» Exercise: From the listing below, output only the lines starting at the line that has "#257=ORIENTED_EDGE('',*,*,#256,.T.);" and ending at the line that has "#273=ORIENTED_EDGE('',*,*,#202,.T.);", exactly as they appear, ends included.

····················

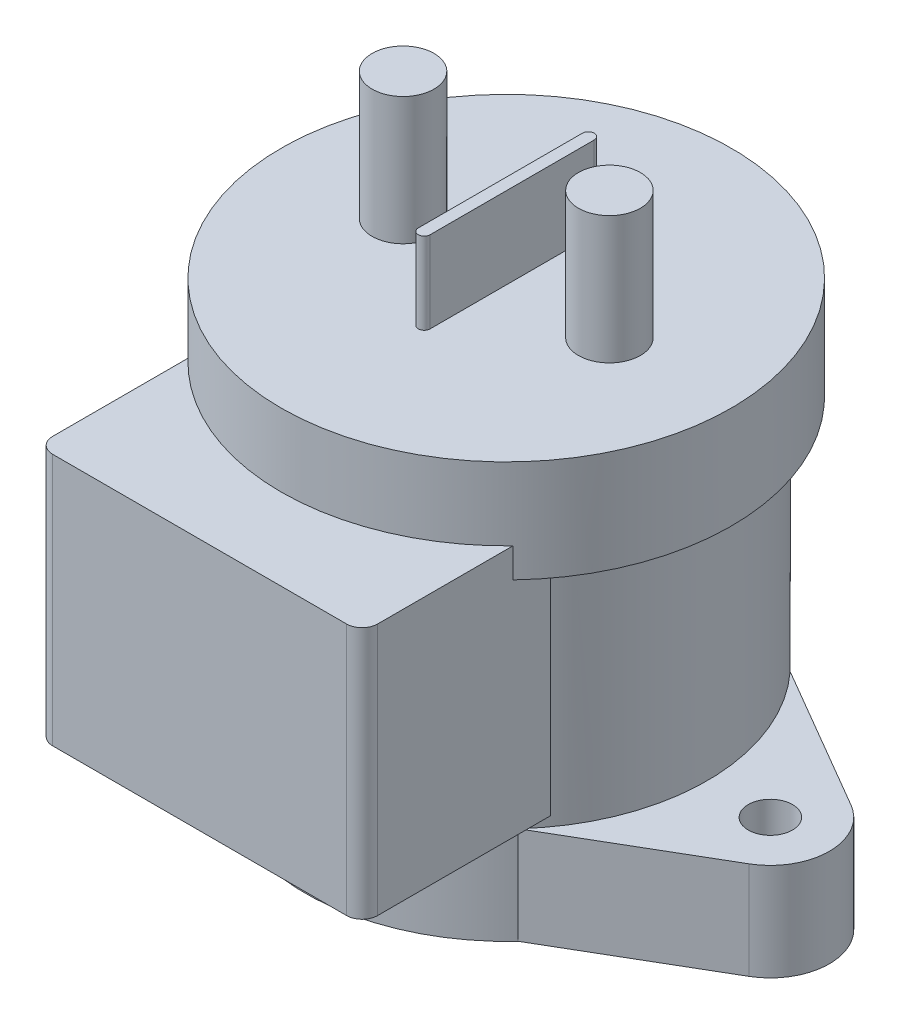
ISO-10303-21;
HEADER;
FILE_DESCRIPTION(('STEP AP214'),'2;1');
FILE_NAME('part.step','',(''),(''),'','','');
FILE_SCHEMA(('AUTOMOTIVE_DESIGN { 1 0 10303 214 1 1 1 1 }'));
ENDSEC;
DATA;
#1=APPLICATION_CONTEXT('core data for automotive mechanical design processes');
#2=APPLICATION_PROTOCOL_DEFINITION('international standard','automotive_design',2000,#1);
#3=PRODUCT_CONTEXT('',#1,'mechanical');
#4=PRODUCT('Part','Part','',(#3));
#5=PRODUCT_RELATED_PRODUCT_CATEGORY('part','',(#4));
#6=PRODUCT_DEFINITION_FORMATION('','',#4);
#7=PRODUCT_DEFINITION_CONTEXT('part definition',#1,'design');
#8=PRODUCT_DEFINITION('design','',#6,#7);
#9=PRODUCT_DEFINITION_SHAPE('','',#8);
#10=(LENGTH_UNIT() NAMED_UNIT(*) SI_UNIT(.MILLI.,.METRE.));
#11=(NAMED_UNIT(*) PLANE_ANGLE_UNIT() SI_UNIT($,.RADIAN.));
#12=(NAMED_UNIT(*) SI_UNIT($,.STERADIAN.) SOLID_ANGLE_UNIT());
#13=UNCERTAINTY_MEASURE_WITH_UNIT(LENGTH_MEASURE(1.E-05),#10,'distance_accuracy_value','');
#14=(GEOMETRIC_REPRESENTATION_CONTEXT(3) GLOBAL_UNCERTAINTY_ASSIGNED_CONTEXT((#13)) GLOBAL_UNIT_ASSIGNED_CONTEXT((#10,
#11,#12)) REPRESENTATION_CONTEXT('',''));
#15=CARTESIAN_POINT('',(0.,0.,0.));
#16=DIRECTION('',(0.,0.,1.));
#17=DIRECTION('',(1.,0.,0.));
#18=AXIS2_PLACEMENT_3D('',#15,#16,#17);
#19=CARTESIAN_POINT('',(0.,0.,0.));
#20=DIRECTION('',(0.,1.,0.));
#21=DIRECTION('',(0.,0.,1.));
#22=AXIS2_PLACEMENT_3D('',#19,#20,#21);
#23=PLANE('',#22);
#24=CARTESIAN_POINT('',(-13.335,0.,0.));
#25=DIRECTION('',(0.,1.,0.));
#26=DIRECTION('',(0.,0.,-1.));
#27=AXIS2_PLACEMENT_3D('',#24,#25,#26);
#28=CIRCLE('',#27,4.);
#29=CARTESIAN_POINT('',(-13.335,0.,-4.));
#30=VERTEX_POINT('',#29);
#31=EDGE_CURVE('E257',#30,#30,#28,.T.);
#32=ORIENTED_EDGE('',*,*,#31,.F.);
#33=EDGE_LOOP('',(#32));
#34=FACE_BOUND('',#33,.T.);
#35=CARTESIAN_POINT('',(0.,0.,0.));
#36=DIRECTION('',(0.,1.,0.));
#37=DIRECTION('',(0.,0.,1.));
#38=AXIS2_PLACEMENT_3D('',#35,#36,#37);
#39=CIRCLE('',#38,29.095);
#40=CARTESIAN_POINT('',(0.,0.,29.095));
#41=VERTEX_POINT('',#40);
#42=EDGE_CURVE('E345',#41,#41,#39,.T.);
#43=ORIENTED_EDGE('',*,*,#42,.T.);
#44=EDGE_LOOP('',(#43));
#45=FACE_BOUND('',#44,.T.);
#46=CARTESIAN_POINT('',(13.335,0.,0.));
#47=DIRECTION('',(0.,1.,0.));
#48=DIRECTION('',(0.,0.,1.));
#49=AXIS2_PLACEMENT_3D('',#46,#47,#48);
#50=CIRCLE('',#49,4.);
#51=CARTESIAN_POINT('',(13.335,0.,4.));
#52=VERTEX_POINT('',#51);
#53=EDGE_CURVE('E261',#52,#52,#50,.T.);
#54=ORIENTED_EDGE('',*,*,#53,.F.);
#55=EDGE_LOOP('',(#54));
#56=FACE_BOUND('',#55,.T.);
#57=DIRECTION('',(0.,0.,-1.));
#58=VECTOR('',#57,1.);
#59=CARTESIAN_POINT('',(0.762,0.,-10.603000190747));
#60=LINE('',#59,#58);
#61=CARTESIAN_POINT('',(0.762,0.,10.603000190747));
#62=VERTEX_POINT('',#61);
#63=CARTESIAN_POINT('',(0.762,0.,-10.603000190747));
#64=VERTEX_POINT('',#63);
#65=EDGE_CURVE('E242',#62,#64,#60,.T.);
#66=ORIENTED_EDGE('',*,*,#65,.F.);
#67=CARTESIAN_POINT('',(0.,0.,10.603));
#68=DIRECTION('',(0.,1.,0.));
#69=DIRECTION('',(0.,0.,-1.));
#70=AXIS2_PLACEMENT_3D('',#67,#68,#69);
#71=CIRCLE('',#70,0.762000000000024);
#72=CARTESIAN_POINT('',(-0.762,0.,10.603000190747));
#73=VERTEX_POINT('',#72);
#74=EDGE_CURVE('E228',#73,#62,#71,.T.);
#75=ORIENTED_EDGE('',*,*,#74,.F.);
#76=DIRECTION('',(0.,0.,1.));
#77=VECTOR('',#76,1.);
#78=CARTESIAN_POINT('',(-0.762,0.,-10.603000190747));
#79=LINE('',#78,#77);
#80=CARTESIAN_POINT('',(-0.762,0.,-10.603000190747));
#81=VERTEX_POINT('',#80);
#82=EDGE_CURVE('E233',#81,#73,#79,.T.);
#83=ORIENTED_EDGE('',*,*,#82,.F.);
#84=CARTESIAN_POINT('',(0.,0.,-10.603));
#85=DIRECTION('',(0.,1.,0.));
#86=DIRECTION('',(0.,0.,1.));
#87=AXIS2_PLACEMENT_3D('',#84,#85,#86);
#88=CIRCLE('',#87,0.762000000000024);
#89=EDGE_CURVE('E244',#64,#81,#88,.T.);
#90=ORIENTED_EDGE('',*,*,#89,.F.);
#91=EDGE_LOOP('',(#66,#75,#83,#90));
#92=FACE_BOUND('',#91,.T.);
#93=ADVANCED_FACE('F35',(#34,#45,#56,#92),#23,.T.);
#94=CARTESIAN_POINT('',(0.,-13.208,0.));
#95=DIRECTION('',(0.,1.,0.));
#96=DIRECTION('',(0.,0.,1.));
#97=AXIS2_PLACEMENT_3D('',#94,#95,#96);
#98=PLANE('',#97);
#99=CARTESIAN_POINT('',(0.,-13.208,0.));
#100=DIRECTION('',(0.,1.,0.));
#101=DIRECTION('',(0.,0.,1.));
#102=AXIS2_PLACEMENT_3D('',#99,#100,#101);
#103=CIRCLE('',#102,25.97);
#104=CARTESIAN_POINT('',(-21.,-13.208,15.2787728564829));
#105=VERTEX_POINT('',#104);
#106=CARTESIAN_POINT('',(21.,-13.208,15.2787728564829));
#107=VERTEX_POINT('',#106);
#108=EDGE_CURVE('E348',#105,#107,#103,.F.);
#109=ORIENTED_EDGE('',*,*,#108,.F.);
#110=DIRECTION('',(0.,0.,1.));
#111=VECTOR('',#110,1.);
#112=CARTESIAN_POINT('',(-21.,-13.208,0.));
#113=LINE('',#112,#111);
#114=CARTESIAN_POINT('',(-21.,-13.208,20.137502948479));
#115=VERTEX_POINT('',#114);
#116=EDGE_CURVE('E226',#105,#115,#113,.T.);
#117=ORIENTED_EDGE('',*,*,#116,.T.);
#118=CARTESIAN_POINT('',(0.,-13.208,0.));
#119=DIRECTION('',(0.,1.,0.));
#120=DIRECTION('',(0.,0.,1.));
#121=AXIS2_PLACEMENT_3D('',#118,#119,#120);
#122=CIRCLE('',#121,29.095);
#123=CARTESIAN_POINT('',(21.,-13.208,20.137502948479));
#124=VERTEX_POINT('',#123);
#125=EDGE_CURVE('E346',#124,#115,#122,.T.);
#126=ORIENTED_EDGE('',*,*,#125,.F.);
#127=DIRECTION('',(0.,0.,-1.));
#128=VECTOR('',#127,1.);
#129=CARTESIAN_POINT('',(21.,-13.208,0.));
#130=LINE('',#129,#128);
#131=EDGE_CURVE('E223',#124,#107,#130,.T.);
#132=ORIENTED_EDGE('',*,*,#131,.T.);
#133=EDGE_LOOP('',(#109,#117,#126,#132));
#134=FACE_BOUND('',#133,.T.);
#135=ADVANCED_FACE('F363',(#134),#98,.F.);
#136=CARTESIAN_POINT('',(0.,-13.208,0.));
#137=DIRECTION('',(0.,1.,0.));
#138=DIRECTION('',(0.,0.,1.));
#139=AXIS2_PLACEMENT_3D('',#136,#137,#138);
#140=CYLINDRICAL_SURFACE('',#139,29.095);
#141=DIRECTION('',(0.,1.,0.));
#142=VECTOR('',#141,1.);
#143=CARTESIAN_POINT('',(-21.,-13.208,20.137502948479));
#144=LINE('',#143,#142);
#145=CARTESIAN_POINT('',(-21.,-9.398,20.137502948479));
#146=VERTEX_POINT('',#145);
#147=EDGE_CURVE('E50',#146,#115,#144,.F.);
#148=ORIENTED_EDGE('',*,*,#147,.F.);
#149=CARTESIAN_POINT('',(0.,-9.398,0.));
#150=DIRECTION('',(0.,1.,0.));
#151=DIRECTION('',(0.,0.,1.));
#152=AXIS2_PLACEMENT_3D('',#149,#150,#151);
#153=CIRCLE('',#152,29.095);
#154=CARTESIAN_POINT('',(21.,-9.398,20.137502948479));
#155=VERTEX_POINT('',#154);
#156=EDGE_CURVE('E11',#155,#146,#153,.F.);
#157=ORIENTED_EDGE('',*,*,#156,.F.);
#158=DIRECTION('',(0.,1.,0.));
#159=VECTOR('',#158,1.);
#160=CARTESIAN_POINT('',(21.,-13.208,20.137502948479));
#161=LINE('',#160,#159);
#162=EDGE_CURVE('E175',#124,#155,#161,.T.);
#163=ORIENTED_EDGE('',*,*,#162,.F.);
#164=ORIENTED_EDGE('',*,*,#125,.T.);
#165=EDGE_LOOP('',(#148,#157,#163,#164));
#166=FACE_BOUND('',#165,.T.);
#167=ORIENTED_EDGE('',*,*,#42,.F.);
#168=EDGE_LOOP('',(#167));
#169=FACE_BOUND('',#168,.T.);
#170=ADVANCED_FACE('F37',(#166,#169),#140,.T.);
#171=CARTESIAN_POINT('',(0.,-55.88,0.));
#172=DIRECTION('',(0.,1.,0.));
#173=DIRECTION('',(0.,0.,1.));
#174=AXIS2_PLACEMENT_3D('',#171,#172,#173);
#175=CYLINDRICAL_SURFACE('',#174,25.97);
#176=CARTESIAN_POINT('',(0.,-43.28,0.));
#177=DIRECTION('',(0.,1.,0.));
#178=DIRECTION('',(0.,0.,-1.));
#179=AXIS2_PLACEMENT_3D('',#176,#177,#178);
#180=CIRCLE('',#179,25.97);
#181=CARTESIAN_POINT('',(-19.106291889061,-43.28,-17.5895));
#182=VERTEX_POINT('',#181);
#183=CARTESIAN_POINT('',(-19.106291889061,-43.28,17.5895));
#184=VERTEX_POINT('',#183);
#185=EDGE_CURVE('E283',#182,#184,#180,.T.);
#186=ORIENTED_EDGE('',*,*,#185,.T.);
#187=DIRECTION('',(0.,-1.,0.));
#188=VECTOR('',#187,1.);
#189=CARTESIAN_POINT('',(-19.106291889061,-43.28,17.5895));
#190=LINE('',#189,#188);
#191=CARTESIAN_POINT('',(-19.106291889061,-55.88,17.5895));
#192=VERTEX_POINT('',#191);
#193=EDGE_CURVE('E299',#184,#192,#190,.T.);
#194=ORIENTED_EDGE('',*,*,#193,.T.);
#195=CARTESIAN_POINT('',(0.,-55.88,0.));
#196=DIRECTION('',(0.,-1.,0.));
#197=DIRECTION('',(0.,0.,-1.));
#198=AXIS2_PLACEMENT_3D('',#195,#196,#197);
#199=CIRCLE('',#198,25.97);
#200=CARTESIAN_POINT('',(19.106291889061,-55.88,17.5895));
#201=VERTEX_POINT('',#200);
#202=EDGE_CURVE('E342',#201,#192,#199,.T.);
#203=ORIENTED_EDGE('',*,*,#202,.F.);
#204=DIRECTION('',(0.,-1.,0.));
#205=VECTOR('',#204,1.);
#206=CARTESIAN_POINT('',(19.106291889061,-43.28,17.5895));
#207=LINE('',#206,#205);
#208=CARTESIAN_POINT('',(19.106291889061,-43.28,17.5895));
#209=VERTEX_POINT('',#208);
#210=EDGE_CURVE('E332',#209,#201,#207,.T.);
#211=ORIENTED_EDGE('',*,*,#210,.F.);
#212=CARTESIAN_POINT('',(0.,-43.28,0.));
#213=DIRECTION('',(0.,1.,0.));
#214=DIRECTION('',(0.,0.,1.));
#215=AXIS2_PLACEMENT_3D('',#212,#213,#214);
#216=CIRCLE('',#215,25.97);
#217=CARTESIAN_POINT('',(19.106291889061,-43.28,-17.5895));
#218=VERTEX_POINT('',#217);
#219=EDGE_CURVE('E312',#209,#218,#216,.T.);
#220=ORIENTED_EDGE('',*,*,#219,.T.);
#221=DIRECTION('',(0.,-1.,0.));
#222=VECTOR('',#221,1.);
#223=CARTESIAN_POINT('',(19.106291889061,-43.28,-17.5895));
#224=LINE('',#223,#222);
#225=CARTESIAN_POINT('',(19.106291889061,-55.88,-17.5895));
#226=VERTEX_POINT('',#225);
#227=EDGE_CURVE('E325',#218,#226,#224,.T.);
#228=ORIENTED_EDGE('',*,*,#227,.T.);
#229=CARTESIAN_POINT('',(-19.1062918890611,-55.88,-17.5895));
#230=VERTEX_POINT('',#229);
#231=EDGE_CURVE('E335',#230,#226,#199,.T.);
#232=ORIENTED_EDGE('',*,*,#231,.F.);
#233=DIRECTION('',(0.,-1.,0.));
#234=VECTOR('',#233,1.);
#235=CARTESIAN_POINT('',(-19.106291889061,-43.28,-17.5895));
#236=LINE('',#235,#234);
#237=EDGE_CURVE('E302',#182,#230,#236,.T.);
#238=ORIENTED_EDGE('',*,*,#237,.F.);
#239=EDGE_LOOP('',(#186,#194,#203,#211,#220,#228,#232,#238));
#240=FACE_BOUND('',#239,.T.);
#241=CARTESIAN_POINT('',(0.,-42.037,0.));
#242=DIRECTION('',(0.,1.,0.));
#243=DIRECTION('',(0.,0.,1.));
#244=AXIS2_PLACEMENT_3D('',#241,#242,#243);
#245=CIRCLE('',#244,25.97);
#246=CARTESIAN_POINT('',(-21.,-42.037,15.278772856483));
#247=VERTEX_POINT('',#246);
#248=CARTESIAN_POINT('',(21.,-42.037,15.278772856483));
#249=VERTEX_POINT('',#248);
#250=EDGE_CURVE('E203',#247,#249,#245,.T.);
#251=ORIENTED_EDGE('',*,*,#250,.F.);
#252=DIRECTION('',(0.,1.,0.));
#253=VECTOR('',#252,1.);
#254=CARTESIAN_POINT('',(-21.,-55.88,15.2787728564829));
#255=LINE('',#254,#253);
#256=EDGE_CURVE('E43',#247,#105,#255,.T.);
#257=ORIENTED_EDGE('',*,*,#256,.T.);
#258=ORIENTED_EDGE('',*,*,#108,.T.);
#259=DIRECTION('',(0.,1.,0.));
#260=VECTOR('',#259,1.);
#261=CARTESIAN_POINT('',(21.,-55.88,15.2787728564829));
#262=LINE('',#261,#260);
#263=EDGE_CURVE('E353',#107,#249,#262,.F.);
#264=ORIENTED_EDGE('',*,*,#263,.T.);
#265=EDGE_LOOP('',(#251,#257,#258,#264));
#266=FACE_BOUND('',#265,.T.);
#267=ADVANCED_FACE('F357',(#240,#266),#175,.T.);
#268=CARTESIAN_POINT('',(0.,-55.88,0.));
#269=DIRECTION('',(0.,-1.,0.));
#270=DIRECTION('',(0.,0.,-1.));
#271=AXIS2_PLACEMENT_3D('',#268,#269,#270);
#272=PLANE('',#271);
#273=ORIENTED_EDGE('',*,*,#202,.T.);
#274=DIRECTION('',(-0.863816050494099,0.,-0.503807335108151));
#275=VECTOR('',#274,1.);
#276=CARTESIAN_POINT('',(-37.9790118935241,-55.88,6.58227830476502));
#277=LINE('',#276,#275);
#278=CARTESIAN_POINT('',(-37.9790118935241,-55.88,6.58227830476502));
#279=VERTEX_POINT('',#278);
#280=EDGE_CURVE('E280',#192,#279,#277,.T.);
#281=ORIENTED_EDGE('',*,*,#280,.T.);
#282=CARTESIAN_POINT('',(-34.14,-55.88,0.));
#283=DIRECTION('',(0.,-1.,0.));
#284=DIRECTION('',(0.,0.,1.));
#285=AXIS2_PLACEMENT_3D('',#282,#283,#284);
#286=CIRCLE('',#285,7.62000000000001);
#287=CARTESIAN_POINT('',(-37.9790118935241,-55.88,-6.58227830476502));
#288=VERTEX_POINT('',#287);
#289=EDGE_CURVE('E273',#279,#288,#286,.T.);
#290=ORIENTED_EDGE('',*,*,#289,.T.);
#291=DIRECTION('',(0.863816050494099,0.,-0.503807335108151));
#292=VECTOR('',#291,1.);
#293=CARTESIAN_POINT('',(-37.9790118935241,-55.88,-6.58227830476502));
#294=LINE('',#293,#292);
#295=EDGE_CURVE('E292',#288,#230,#294,.T.);
#296=ORIENTED_EDGE('',*,*,#295,.T.);
#297=ORIENTED_EDGE('',*,*,#231,.T.);
#298=DIRECTION('',(0.863816050494099,0.,0.503807335108151));
#299=VECTOR('',#298,1.);
#300=CARTESIAN_POINT('',(37.9790118935241,-55.88,-6.58227830476503));
#301=LINE('',#300,#299);
#302=CARTESIAN_POINT('',(37.9790118935241,-55.88,-6.58227830476503));
#303=VERTEX_POINT('',#302);
#304=EDGE_CURVE('E309',#226,#303,#301,.T.);
#305=ORIENTED_EDGE('',*,*,#304,.T.);
#306=CARTESIAN_POINT('',(34.14,-55.88,0.));
#307=DIRECTION('',(0.,-1.,0.));
#308=DIRECTION('',(0.,0.,-1.));
#309=AXIS2_PLACEMENT_3D('',#306,#307,#308);
#310=CIRCLE('',#309,7.62);
#311=CARTESIAN_POINT('',(37.9790118935241,-55.88,6.58227830476506));
#312=VERTEX_POINT('',#311);
#313=EDGE_CURVE('E328',#303,#312,#310,.T.);
#314=ORIENTED_EDGE('',*,*,#313,.T.);
#315=DIRECTION('',(-0.863816050494099,0.,0.503807335108151));
#316=VECTOR('',#315,1.);
#317=CARTESIAN_POINT('',(37.9790118935241,-55.88,6.58227830476503));
#318=LINE('',#317,#316);
#319=EDGE_CURVE('E316',#312,#201,#318,.T.);
#320=ORIENTED_EDGE('',*,*,#319,.T.);
#321=EDGE_LOOP('',(#273,#281,#290,#296,#297,#305,#314,#320));
#322=FACE_BOUND('',#321,.T.);
#323=CARTESIAN_POINT('',(34.14,-55.88,0.));
#324=DIRECTION('',(0.,-1.,0.));
#325=DIRECTION('',(0.,0.,-1.));
#326=AXIS2_PLACEMENT_3D('',#323,#324,#325);
#327=CIRCLE('',#326,2.86);
#328=CARTESIAN_POINT('',(34.14,-55.88,-2.85999999999996));
#329=VERTEX_POINT('',#328);
#330=EDGE_CURVE('E298',#329,#329,#327,.T.);
#331=ORIENTED_EDGE('',*,*,#330,.F.);
#332=EDGE_LOOP('',(#331));
#333=FACE_BOUND('',#332,.T.);
#334=CARTESIAN_POINT('',(-34.14,-55.88,0.));
#335=DIRECTION('',(0.,-1.,0.));
#336=DIRECTION('',(0.,0.,1.));
#337=AXIS2_PLACEMENT_3D('',#334,#335,#336);
#338=CIRCLE('',#337,2.86);
#339=CARTESIAN_POINT('',(-34.14,-55.88,2.86000000000003));
#340=VERTEX_POINT('',#339);
#341=EDGE_CURVE('E267',#340,#340,#338,.T.);
#342=ORIENTED_EDGE('',*,*,#341,.F.);
#343=EDGE_LOOP('',(#342));
#344=FACE_BOUND('',#343,.T.);
#345=ADVANCED_FACE('F395',(#322,#333,#344),#272,.T.);
#346=CARTESIAN_POINT('',(37.9790118935241,-43.28,6.58227830476503));
#347=DIRECTION('',(0.503807335108151,0.,0.863816050494099));
#348=DIRECTION('',(0.863816050494099,0.,-0.503807335108151));
#349=AXIS2_PLACEMENT_3D('',#346,#347,#348);
#350=PLANE('',#349);
#351=ORIENTED_EDGE('',*,*,#319,.F.);
#352=DIRECTION('',(0.,-1.,0.));
#353=VECTOR('',#352,1.);
#354=CARTESIAN_POINT('',(37.9790118935241,-43.28,6.58227830476506));
#355=LINE('',#354,#353);
#356=CARTESIAN_POINT('',(37.9790118935241,-43.28,6.58227830476506));
#357=VERTEX_POINT('',#356);
#358=EDGE_CURVE('E336',#357,#312,#355,.T.);
#359=ORIENTED_EDGE('',*,*,#358,.F.);
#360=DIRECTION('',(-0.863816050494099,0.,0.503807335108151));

····················

» Completed task:
#257=ORIENTED_EDGE('',*,*,#256,.T.);
#258=ORIENTED_EDGE('',*,*,#108,.T.);
#259=DIRECTION('',(0.,1.,0.));
#260=VECTOR('',#259,1.);
#261=CARTESIAN_POINT('',(21.,-55.88,15.2787728564829));
#262=LINE('',#261,#260);
#263=EDGE_CURVE('E353',#107,#249,#262,.F.);
#264=ORIENTED_EDGE('',*,*,#263,.T.);
#265=EDGE_LOOP('',(#251,#257,#258,#264));
#266=FACE_BOUND('',#265,.T.);
#267=ADVANCED_FACE('F357',(#240,#266),#175,.T.);
#268=CARTESIAN_POINT('',(0.,-55.88,0.));
#269=DIRECTION('',(0.,-1.,0.));
#270=DIRECTION('',(0.,0.,-1.));
#271=AXIS2_PLACEMENT_3D('',#268,#269,#270);
#272=PLANE('',#271);
#273=ORIENTED_EDGE('',*,*,#202,.T.);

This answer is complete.